— Materials provided —
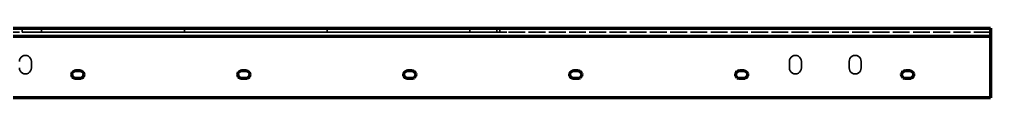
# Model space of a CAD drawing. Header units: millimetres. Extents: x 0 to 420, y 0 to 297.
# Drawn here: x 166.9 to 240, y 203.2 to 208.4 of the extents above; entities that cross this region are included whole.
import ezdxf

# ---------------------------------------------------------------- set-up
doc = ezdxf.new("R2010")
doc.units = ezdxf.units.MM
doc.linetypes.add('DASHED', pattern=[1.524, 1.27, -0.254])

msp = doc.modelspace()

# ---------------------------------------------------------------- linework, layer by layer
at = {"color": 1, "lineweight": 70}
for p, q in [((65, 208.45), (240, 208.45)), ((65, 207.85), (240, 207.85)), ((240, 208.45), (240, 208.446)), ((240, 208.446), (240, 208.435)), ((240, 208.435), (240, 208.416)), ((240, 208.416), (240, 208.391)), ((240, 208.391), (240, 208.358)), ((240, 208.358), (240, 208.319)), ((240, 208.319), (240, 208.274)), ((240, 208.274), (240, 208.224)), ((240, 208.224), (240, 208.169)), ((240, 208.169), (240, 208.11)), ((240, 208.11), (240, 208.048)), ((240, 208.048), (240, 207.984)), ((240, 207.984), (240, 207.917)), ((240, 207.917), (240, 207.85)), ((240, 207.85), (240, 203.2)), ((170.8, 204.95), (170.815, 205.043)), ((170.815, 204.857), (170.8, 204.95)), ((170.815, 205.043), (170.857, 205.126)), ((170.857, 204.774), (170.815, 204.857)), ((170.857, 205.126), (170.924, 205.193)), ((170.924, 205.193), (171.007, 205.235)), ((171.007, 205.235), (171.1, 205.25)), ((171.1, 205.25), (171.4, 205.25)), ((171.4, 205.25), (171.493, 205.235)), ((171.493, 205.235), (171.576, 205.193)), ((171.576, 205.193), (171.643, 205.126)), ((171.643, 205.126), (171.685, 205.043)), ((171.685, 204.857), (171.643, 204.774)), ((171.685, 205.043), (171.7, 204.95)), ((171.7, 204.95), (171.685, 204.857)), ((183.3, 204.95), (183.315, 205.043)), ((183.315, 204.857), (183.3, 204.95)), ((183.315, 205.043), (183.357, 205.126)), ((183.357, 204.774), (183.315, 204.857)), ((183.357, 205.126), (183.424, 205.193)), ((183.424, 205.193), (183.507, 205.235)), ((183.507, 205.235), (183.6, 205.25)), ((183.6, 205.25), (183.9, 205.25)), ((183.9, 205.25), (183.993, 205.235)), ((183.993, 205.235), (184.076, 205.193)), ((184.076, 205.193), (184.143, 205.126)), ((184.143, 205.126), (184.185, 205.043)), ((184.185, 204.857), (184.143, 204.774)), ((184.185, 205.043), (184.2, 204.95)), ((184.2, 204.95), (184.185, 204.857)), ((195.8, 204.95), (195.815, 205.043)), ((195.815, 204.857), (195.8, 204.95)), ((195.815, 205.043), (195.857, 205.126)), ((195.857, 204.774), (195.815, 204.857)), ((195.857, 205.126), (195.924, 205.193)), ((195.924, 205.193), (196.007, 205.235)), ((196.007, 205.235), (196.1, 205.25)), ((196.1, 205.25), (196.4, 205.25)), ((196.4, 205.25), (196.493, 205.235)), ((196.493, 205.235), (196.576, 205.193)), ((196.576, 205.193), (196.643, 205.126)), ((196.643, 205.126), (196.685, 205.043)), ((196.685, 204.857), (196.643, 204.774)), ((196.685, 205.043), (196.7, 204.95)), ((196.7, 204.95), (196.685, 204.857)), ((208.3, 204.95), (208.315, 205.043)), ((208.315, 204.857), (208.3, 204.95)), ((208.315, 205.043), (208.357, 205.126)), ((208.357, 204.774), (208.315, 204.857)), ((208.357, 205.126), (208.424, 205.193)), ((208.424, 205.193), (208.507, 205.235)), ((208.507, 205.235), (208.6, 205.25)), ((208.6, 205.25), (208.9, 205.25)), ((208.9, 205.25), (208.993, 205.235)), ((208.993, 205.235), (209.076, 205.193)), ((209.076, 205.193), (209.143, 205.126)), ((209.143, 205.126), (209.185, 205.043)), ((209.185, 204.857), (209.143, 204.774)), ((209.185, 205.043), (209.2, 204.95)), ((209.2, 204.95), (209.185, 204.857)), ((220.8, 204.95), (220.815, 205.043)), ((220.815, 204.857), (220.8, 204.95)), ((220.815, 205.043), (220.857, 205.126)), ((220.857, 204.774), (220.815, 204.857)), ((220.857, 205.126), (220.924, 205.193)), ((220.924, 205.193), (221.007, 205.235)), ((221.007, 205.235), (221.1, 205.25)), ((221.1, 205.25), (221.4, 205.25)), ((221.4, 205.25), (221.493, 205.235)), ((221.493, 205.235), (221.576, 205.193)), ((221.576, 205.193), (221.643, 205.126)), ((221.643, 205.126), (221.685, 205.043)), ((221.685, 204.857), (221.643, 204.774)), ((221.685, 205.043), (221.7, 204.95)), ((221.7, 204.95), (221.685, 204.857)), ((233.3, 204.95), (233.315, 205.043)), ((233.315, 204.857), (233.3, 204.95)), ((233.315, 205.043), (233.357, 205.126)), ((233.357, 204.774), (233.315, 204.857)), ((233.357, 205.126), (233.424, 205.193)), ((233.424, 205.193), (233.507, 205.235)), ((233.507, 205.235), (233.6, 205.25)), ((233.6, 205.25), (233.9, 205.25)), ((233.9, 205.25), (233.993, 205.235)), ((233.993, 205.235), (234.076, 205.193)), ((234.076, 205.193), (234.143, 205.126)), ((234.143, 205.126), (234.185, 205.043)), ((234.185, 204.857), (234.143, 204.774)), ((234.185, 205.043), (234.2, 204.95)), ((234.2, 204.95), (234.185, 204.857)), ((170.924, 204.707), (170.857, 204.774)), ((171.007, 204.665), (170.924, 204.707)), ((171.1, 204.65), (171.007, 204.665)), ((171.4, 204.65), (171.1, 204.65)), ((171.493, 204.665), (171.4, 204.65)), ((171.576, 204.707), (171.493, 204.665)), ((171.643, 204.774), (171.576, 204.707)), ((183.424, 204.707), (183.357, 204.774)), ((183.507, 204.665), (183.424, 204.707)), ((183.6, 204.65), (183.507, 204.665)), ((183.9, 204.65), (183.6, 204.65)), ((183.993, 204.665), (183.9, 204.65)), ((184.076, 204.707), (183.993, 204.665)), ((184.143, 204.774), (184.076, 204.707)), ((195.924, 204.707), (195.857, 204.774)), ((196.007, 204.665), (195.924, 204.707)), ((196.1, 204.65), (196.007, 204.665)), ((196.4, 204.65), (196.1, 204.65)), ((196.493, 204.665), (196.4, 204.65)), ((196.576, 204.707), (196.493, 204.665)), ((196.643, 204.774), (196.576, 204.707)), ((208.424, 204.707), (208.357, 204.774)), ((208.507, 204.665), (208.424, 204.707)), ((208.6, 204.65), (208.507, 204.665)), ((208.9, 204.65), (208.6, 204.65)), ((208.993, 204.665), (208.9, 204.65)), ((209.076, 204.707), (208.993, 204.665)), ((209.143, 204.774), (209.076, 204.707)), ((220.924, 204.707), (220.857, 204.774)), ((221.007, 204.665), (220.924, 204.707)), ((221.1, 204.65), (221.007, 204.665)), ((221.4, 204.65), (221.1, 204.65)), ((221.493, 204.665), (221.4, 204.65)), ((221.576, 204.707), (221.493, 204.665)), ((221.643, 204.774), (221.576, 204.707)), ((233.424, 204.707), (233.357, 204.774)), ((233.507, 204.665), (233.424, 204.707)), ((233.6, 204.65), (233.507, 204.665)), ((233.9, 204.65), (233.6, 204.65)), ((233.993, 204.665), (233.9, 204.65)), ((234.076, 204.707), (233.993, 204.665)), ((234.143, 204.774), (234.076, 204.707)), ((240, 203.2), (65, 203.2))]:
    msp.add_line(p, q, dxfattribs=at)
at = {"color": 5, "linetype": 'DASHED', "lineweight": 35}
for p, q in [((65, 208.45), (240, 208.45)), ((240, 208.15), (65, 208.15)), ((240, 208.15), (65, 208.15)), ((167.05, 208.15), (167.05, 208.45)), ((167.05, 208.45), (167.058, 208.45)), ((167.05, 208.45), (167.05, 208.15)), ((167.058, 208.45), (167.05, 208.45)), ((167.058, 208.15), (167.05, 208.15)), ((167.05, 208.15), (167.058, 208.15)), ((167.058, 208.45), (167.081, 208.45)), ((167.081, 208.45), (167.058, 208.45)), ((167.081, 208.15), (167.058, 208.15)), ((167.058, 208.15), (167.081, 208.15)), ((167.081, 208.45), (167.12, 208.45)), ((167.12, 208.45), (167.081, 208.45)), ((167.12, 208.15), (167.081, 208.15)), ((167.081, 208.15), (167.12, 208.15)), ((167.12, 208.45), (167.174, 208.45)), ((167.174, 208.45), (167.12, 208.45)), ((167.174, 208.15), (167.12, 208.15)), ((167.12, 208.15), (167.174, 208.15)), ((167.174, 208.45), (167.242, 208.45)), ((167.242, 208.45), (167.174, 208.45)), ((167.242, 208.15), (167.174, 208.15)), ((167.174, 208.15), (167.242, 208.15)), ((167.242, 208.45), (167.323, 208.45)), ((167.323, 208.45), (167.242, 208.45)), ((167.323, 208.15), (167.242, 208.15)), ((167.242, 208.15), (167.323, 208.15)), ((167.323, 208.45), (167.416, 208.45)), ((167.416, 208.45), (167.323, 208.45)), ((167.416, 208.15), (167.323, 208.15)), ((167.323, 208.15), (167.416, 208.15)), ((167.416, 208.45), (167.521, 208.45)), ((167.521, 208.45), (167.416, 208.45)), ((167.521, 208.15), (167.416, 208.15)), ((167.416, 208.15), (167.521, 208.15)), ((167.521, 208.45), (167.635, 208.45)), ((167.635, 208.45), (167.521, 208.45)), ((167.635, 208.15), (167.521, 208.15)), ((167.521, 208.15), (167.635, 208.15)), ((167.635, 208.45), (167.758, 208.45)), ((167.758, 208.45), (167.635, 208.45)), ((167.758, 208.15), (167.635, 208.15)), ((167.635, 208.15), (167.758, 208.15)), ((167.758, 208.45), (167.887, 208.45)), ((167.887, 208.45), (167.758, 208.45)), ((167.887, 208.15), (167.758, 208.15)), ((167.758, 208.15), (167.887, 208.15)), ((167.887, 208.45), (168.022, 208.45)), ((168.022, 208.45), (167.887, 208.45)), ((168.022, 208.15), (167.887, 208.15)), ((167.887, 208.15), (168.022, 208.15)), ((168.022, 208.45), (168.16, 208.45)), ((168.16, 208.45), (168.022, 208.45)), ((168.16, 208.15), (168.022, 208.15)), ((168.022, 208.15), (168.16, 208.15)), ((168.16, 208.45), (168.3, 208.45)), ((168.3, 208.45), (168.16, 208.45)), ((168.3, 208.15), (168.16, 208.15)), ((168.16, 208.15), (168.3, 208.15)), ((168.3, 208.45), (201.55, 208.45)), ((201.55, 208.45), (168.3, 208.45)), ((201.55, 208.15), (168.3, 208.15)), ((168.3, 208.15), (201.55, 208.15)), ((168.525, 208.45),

— Task —
Select every line of the records holding the string "lineweight".

— Answer for the task —
at = {"color": 1, "lineweight": 70}
at = {"color": 5, "linetype": 'DASHED', "lineweight": 35}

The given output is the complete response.